**Records to use:**
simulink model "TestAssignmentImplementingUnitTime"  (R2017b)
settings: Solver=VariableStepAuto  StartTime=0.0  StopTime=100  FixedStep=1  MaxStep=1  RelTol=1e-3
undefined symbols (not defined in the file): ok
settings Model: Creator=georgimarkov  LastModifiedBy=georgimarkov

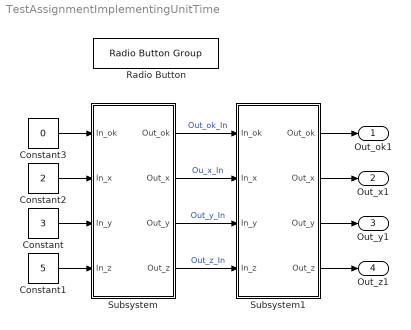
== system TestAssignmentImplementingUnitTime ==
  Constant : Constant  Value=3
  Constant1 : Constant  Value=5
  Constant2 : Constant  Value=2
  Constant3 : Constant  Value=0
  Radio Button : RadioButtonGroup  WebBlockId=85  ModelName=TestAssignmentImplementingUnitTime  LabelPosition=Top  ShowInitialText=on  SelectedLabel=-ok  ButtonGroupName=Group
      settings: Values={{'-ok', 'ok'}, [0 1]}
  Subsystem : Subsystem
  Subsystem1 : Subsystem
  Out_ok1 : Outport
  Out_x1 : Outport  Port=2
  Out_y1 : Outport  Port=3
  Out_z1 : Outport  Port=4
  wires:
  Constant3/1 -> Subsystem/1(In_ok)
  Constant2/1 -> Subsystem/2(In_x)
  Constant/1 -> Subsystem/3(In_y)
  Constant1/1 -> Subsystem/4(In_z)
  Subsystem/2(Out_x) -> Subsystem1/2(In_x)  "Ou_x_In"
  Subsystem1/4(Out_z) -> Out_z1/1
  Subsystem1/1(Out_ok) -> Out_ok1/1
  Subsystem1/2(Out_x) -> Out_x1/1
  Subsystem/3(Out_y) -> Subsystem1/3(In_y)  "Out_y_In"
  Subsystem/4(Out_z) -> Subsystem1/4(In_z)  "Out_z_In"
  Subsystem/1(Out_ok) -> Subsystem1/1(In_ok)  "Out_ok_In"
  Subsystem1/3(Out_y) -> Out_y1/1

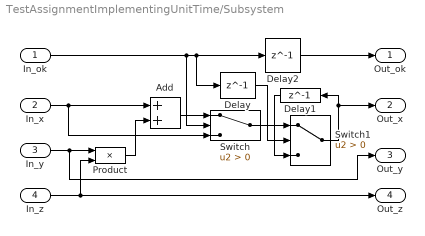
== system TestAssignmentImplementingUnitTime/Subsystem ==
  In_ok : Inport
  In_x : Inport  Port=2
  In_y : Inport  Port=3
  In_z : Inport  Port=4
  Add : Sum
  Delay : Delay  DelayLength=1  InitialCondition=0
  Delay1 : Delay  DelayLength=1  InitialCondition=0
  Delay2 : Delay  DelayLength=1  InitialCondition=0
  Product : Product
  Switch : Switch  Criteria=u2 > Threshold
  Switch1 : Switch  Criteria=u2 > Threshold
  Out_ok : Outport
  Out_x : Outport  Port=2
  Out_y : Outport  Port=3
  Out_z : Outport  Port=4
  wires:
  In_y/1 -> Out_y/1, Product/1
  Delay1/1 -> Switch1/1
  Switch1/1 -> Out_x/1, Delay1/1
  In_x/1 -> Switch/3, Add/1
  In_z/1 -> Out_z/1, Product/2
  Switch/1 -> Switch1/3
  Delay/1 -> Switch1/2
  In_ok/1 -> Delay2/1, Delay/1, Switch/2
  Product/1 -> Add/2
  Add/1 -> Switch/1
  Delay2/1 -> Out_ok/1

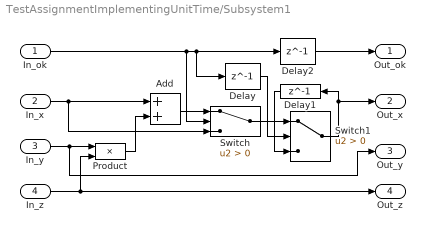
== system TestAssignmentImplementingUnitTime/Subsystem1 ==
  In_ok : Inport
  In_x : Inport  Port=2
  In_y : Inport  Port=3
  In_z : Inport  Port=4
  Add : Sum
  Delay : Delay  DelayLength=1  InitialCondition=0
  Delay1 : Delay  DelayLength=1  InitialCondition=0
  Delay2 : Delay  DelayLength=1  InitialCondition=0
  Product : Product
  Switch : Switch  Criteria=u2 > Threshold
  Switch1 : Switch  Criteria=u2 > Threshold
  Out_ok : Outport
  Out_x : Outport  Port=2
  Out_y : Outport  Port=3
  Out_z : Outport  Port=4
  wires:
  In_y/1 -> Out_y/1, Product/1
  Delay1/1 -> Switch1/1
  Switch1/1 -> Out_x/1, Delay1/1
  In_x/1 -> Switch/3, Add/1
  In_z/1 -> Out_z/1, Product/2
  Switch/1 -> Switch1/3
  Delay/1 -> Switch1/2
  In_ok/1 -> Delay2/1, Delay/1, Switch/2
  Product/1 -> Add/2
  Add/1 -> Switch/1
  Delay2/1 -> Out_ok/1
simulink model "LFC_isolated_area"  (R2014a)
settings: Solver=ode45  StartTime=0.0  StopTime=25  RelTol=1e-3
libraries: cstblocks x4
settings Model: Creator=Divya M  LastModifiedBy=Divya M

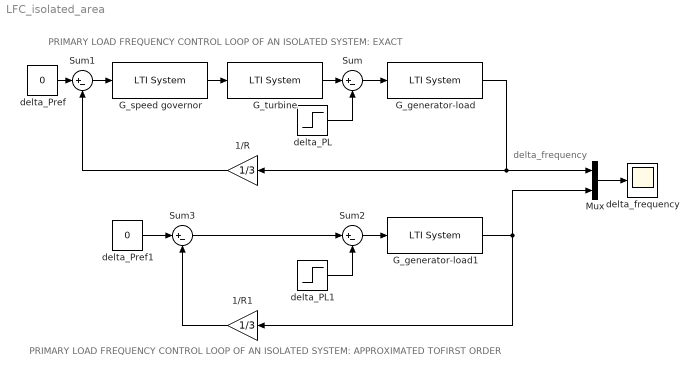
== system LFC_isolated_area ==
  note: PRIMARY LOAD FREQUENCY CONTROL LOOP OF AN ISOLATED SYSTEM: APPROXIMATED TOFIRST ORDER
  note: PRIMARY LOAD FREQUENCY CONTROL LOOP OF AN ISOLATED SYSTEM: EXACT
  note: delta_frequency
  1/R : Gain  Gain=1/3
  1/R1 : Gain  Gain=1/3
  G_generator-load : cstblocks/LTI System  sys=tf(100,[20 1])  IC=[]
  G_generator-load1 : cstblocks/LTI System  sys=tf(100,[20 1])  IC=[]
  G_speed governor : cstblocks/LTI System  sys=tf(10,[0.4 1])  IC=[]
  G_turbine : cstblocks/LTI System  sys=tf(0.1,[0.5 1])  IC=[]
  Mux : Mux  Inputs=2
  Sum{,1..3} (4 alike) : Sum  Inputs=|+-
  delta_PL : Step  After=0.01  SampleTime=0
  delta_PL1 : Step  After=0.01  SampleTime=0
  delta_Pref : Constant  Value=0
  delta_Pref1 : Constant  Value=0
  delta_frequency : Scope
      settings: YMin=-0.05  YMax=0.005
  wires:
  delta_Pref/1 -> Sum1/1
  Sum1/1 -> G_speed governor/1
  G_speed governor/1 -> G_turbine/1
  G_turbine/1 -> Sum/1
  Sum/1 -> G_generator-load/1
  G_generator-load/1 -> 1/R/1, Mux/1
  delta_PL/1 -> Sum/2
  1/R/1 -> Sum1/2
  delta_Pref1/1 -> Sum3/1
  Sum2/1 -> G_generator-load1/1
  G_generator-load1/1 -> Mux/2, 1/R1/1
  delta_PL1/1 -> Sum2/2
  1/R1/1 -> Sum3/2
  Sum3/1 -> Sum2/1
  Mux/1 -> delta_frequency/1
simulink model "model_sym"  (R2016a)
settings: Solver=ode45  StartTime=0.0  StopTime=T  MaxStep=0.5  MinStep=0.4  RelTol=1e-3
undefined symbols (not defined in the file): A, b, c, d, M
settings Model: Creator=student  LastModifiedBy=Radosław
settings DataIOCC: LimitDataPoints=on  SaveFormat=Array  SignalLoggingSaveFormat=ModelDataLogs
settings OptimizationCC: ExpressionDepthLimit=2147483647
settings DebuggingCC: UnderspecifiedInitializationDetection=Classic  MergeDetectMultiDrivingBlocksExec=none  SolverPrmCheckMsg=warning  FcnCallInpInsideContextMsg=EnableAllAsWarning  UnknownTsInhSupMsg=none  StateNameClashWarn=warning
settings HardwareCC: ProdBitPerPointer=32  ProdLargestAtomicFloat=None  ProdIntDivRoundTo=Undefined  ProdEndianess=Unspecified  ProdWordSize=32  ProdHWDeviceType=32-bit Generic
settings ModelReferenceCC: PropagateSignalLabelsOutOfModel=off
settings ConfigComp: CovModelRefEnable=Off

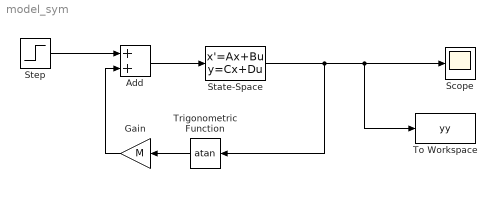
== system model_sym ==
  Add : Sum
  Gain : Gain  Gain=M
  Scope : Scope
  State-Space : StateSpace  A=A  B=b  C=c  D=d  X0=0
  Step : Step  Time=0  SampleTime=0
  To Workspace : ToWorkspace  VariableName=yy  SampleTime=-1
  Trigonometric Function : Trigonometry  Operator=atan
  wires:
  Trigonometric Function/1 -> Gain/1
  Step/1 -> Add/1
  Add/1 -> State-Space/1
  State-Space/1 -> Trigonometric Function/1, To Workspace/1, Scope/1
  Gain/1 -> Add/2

**What the exercise asks:** Every line from the start of the listing through the line with "settings Model: Creator=georgimarkov" should be reproduced exactly, and no other line.

**Final answer:**
simulink model "TestAssignmentImplementingUnitTime"  (R2017b)
settings: Solver=VariableStepAuto  StartTime=0.0  StopTime=100  FixedStep=1  MaxStep=1  RelTol=1e-3
undefined symbols (not defined in the file): ok
settings Model: Creator=georgimarkov  LastModifiedBy=georgimarkov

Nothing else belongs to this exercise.